Однажды ночью, когда Анил работала в лаборатории
на корабле одна, она сильно поранилась скальпелем, срезав
мясо с большого пальца. Она залила рану деттолом,
забинтовала, но потом решила по дороге домой заехать
в больницу. Она боялась воспаления — в трюме кишели
крысы, возможно, они бегают по инструментам, когда их
с Саратом здесь нет. Она устала и вызвала ночной «баджадж», который высадил ее рядом с приемным отделением
скорой помощи.

На длинных скамьях сидели и лежали человек пятнадцать.

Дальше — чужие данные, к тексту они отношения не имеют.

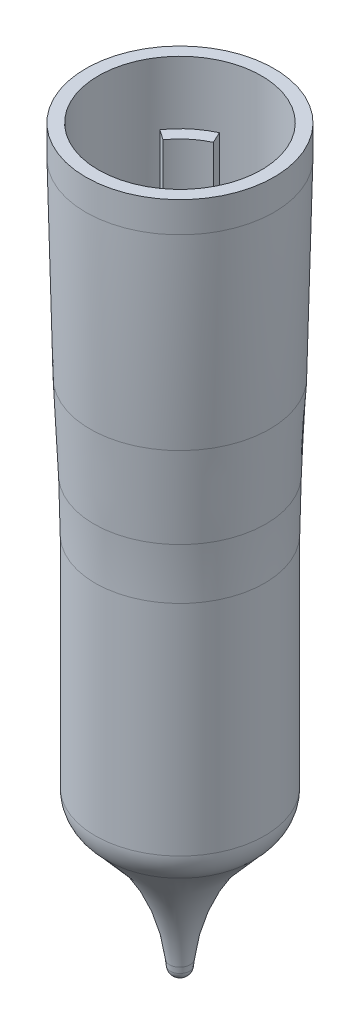
SolidWorks part; units mm, degrees
ref_plane "Front" through (0, 0, 0) normal (0, 0, 1) x (1, 0, 0)
ref_plane "Top" through (0, 0, 0) normal (0, 1, 0) x (1, 0, 0)
ref_plane "Right" through (0, 0, 0) normal (1, 0, 0) x (0, 0, -1)
sketch "Sketch1" plane through (0, 0, 0) normal (0, 1, 0) x (1, 0, 0)
  circle A0 centre (0, 0) radius 4.5
  dimension "D1" = 9
extrude "Boss-Extrude1" add sketch "Sketch1" along normal blind 15
fillet "Fillet1" radius 2 1 edges at (0, 0, 4.5)
sketch "Sketch3" plane through (0, 0, 0) normal (0, 0, 1) x (1, 0, 0)
  line L0 (11.9589, 1.4451) -> (15.9322, 6.5453)
  line L1 (1.5, 13.7613) -> (15.9322, 6.5453)
  line L2 (0, 0.7458) -> (0, 0)
  line L4 (9.0011, 0) -> (0, 0)
  line L5 (4.5, 3.7458) -> (14.7962, 3.7458) construction
  line L6 (1.5, 13.7613) -> (0, 0.7458)
  arc A0 (9.0011, 0) -> (11.9589, 1.4451) centre (9.0011, 3.7493) ccw
  circle A1 centre (9.0011, 3.7493) radius 0.4167
  dimension "D1" = 0.8333
  dimension "D2" = 3.7493
  dimension "D3" = 1.5
  dimension "D4" = 9.0011
  dimension "D5" = 11.9589
  dimension "D6" = 15.9322
  dimension "D7" = 0.7458
  dimension "D8" = 3.7458
  dimension "D9" = 13.7613
extrude "Boss-Extrude2" [suppressed] add sketch "Sketch3" along normal blind 1.5 and the other way blind 1.5
fillet "Fillet4" [suppressed] radius 1
fillet "Fillet2" [suppressed] radius 1
ref_axis "S5 os golenia" through (0, 50.9206, 0) along (0, -1, 0)
fillet "Fillet3" [suppressed] radius 2
pattern_circular "CirPattern1" [suppressed] count 3 over 360 about axis through (0, 50.9206, 0) along (0, -1, 0) of bodies 102
fillet "Fillet5" [suppressed] radius 2
ref_plane "Plane1" through (0, 45, 0) normal (0, 1, 0) x (1, 0, 0)
scale "Scale1" scale about centroid uniform scaling yes scale factor 1.5
sketch "Sketch5" plane through (0, 45, 0) normal (0, 1, 0) x (1, 0, 0)
  circle A0 centre (0, 0) radius 7.5
  dimension "D1" = 15
extrude "Boss-Extrude4" add sketch "Sketch5" against normal blind 10 separate body contours A0
loft "Loft1" add section face at (0, 35, 7.5) section face at (0, 18.6676, 6.75) connector at (-3.7507, 35, 6.4948) connector at (-3.3664, 18.6676, 5.8506)
fillet "Fillet6" radius 330 1 edges at (0, 35, 7.5)
fillet "Fillet7" radius 90 1 edges at (0, 18.6676, 6.75)
sketch "Sketch6" plane through (0, 45, 0) normal (0, 1, 0) x (1, 0, 0)
  circle A2 centre (0, 0) radius 6.5
  circle A3 centre (0, 0) radius 6.5
  dimension "D1" = 1
extrude "Cut-Extrude1" cut sketch "Sketch6" against normal blind 12
ref_point "Point2"
ref_axis "Axis2" through (0, 45, 0) along (1, 0, 0)
sketch "Sketch7" plane through (0, 33, 0) normal (0, 1, 0) x (1, 0, 0)
  line L4 (-5.3245, 3.7282) -> (-4.5053, 3.1547)
  line L5 (-2.3244, 4.9847) -> (-2.747, 5.891)
  circle A0 centre (0, 0) radius 6.5 construction
  arc A4 (-2.747, 5.891) -> (-5.3245, 3.7282) centre (0, 0) ccw
  arc A5 (-2.3244, 4.9847) -> (-4.5053, 3.1547) centre (0, 0) ccw
  dimension "D1" = 6.5
  dimension "D2" = 5.5
  dimension "D3" = 2.3244
  dimension "D4" = 4.5053
extrude "Boss-Extrude5" add sketch "Sketch7" along normal offset from surface (7 mm away) 5 up to face at (0, 45, 6.5)
sketch "Sketch8" plane through (0, -3.8324, 0) normal (0, -1, 0) x (1, 0, 0)
  circle A0 centre (0, 0) radius 1.75
  circle A1 centre (0, 0) radius 3.75 construction
  dimension "D1" = 3.5
extrude "Boss-Extrude6" add sketch "Sketch8" along normal blind 10 draft 6
fillet "Fillet8" radius 0.75 1 edges at (0, -13.8324, -0.699)
fillet "Fillet9" radius 15 1 edges at (0, -3.8324, 1.75)

Время от времени появлялся доктор, делал знак
следующему пациенту и уходил вместе с ним. Она просидела
здесь больше часа и наконец сдалась: с улицы
приходило все больше пострадавших, и по сравнению
с ними ее рана показалась ей не столь серьезной. Но ушла
она не поэтому. В помещение вошел человек в черном
пальто и уселся между ними, его одежда была запачкана
кровью. Он сидел и молчал, дожидаясь, чтобы ктото
оказал ему помощь, не беря номерок, как остальные.
В конце концов на скамейке, где он сидел, освободилось
три места, и он растянулся на ней, сняв черное пальто и положив под голову взамен подушки, но он не мог
уснуть, и его открытые глаза смотрели на нее через комнату.

Его лицо было красным и мокрым от крови на воротнике.
Он сел, вытащил из кармана книгу и начал ее читать,
очень быстро перелистывая страницы. Проглотил
таблетку, снова лег и на этот раз уснул, окружавшая его
действительность перестала для него существовать. Пришла
сестра и дотронулась до его плеча. Он не пошевелился,
и она не убрала руки. Анил прекрасно это помнила.
Потом он встал, сунул книгу в карман, дотронулся
до одного из пациентов и исчез вместе с ним. Он был
доктором. Сестра взяла его пальто и унесла. Тогда Анил
ушла. Если она не смогла определить, кто в этой больнице
доктор, а кто пациент, зачем ей было здесь оставаться?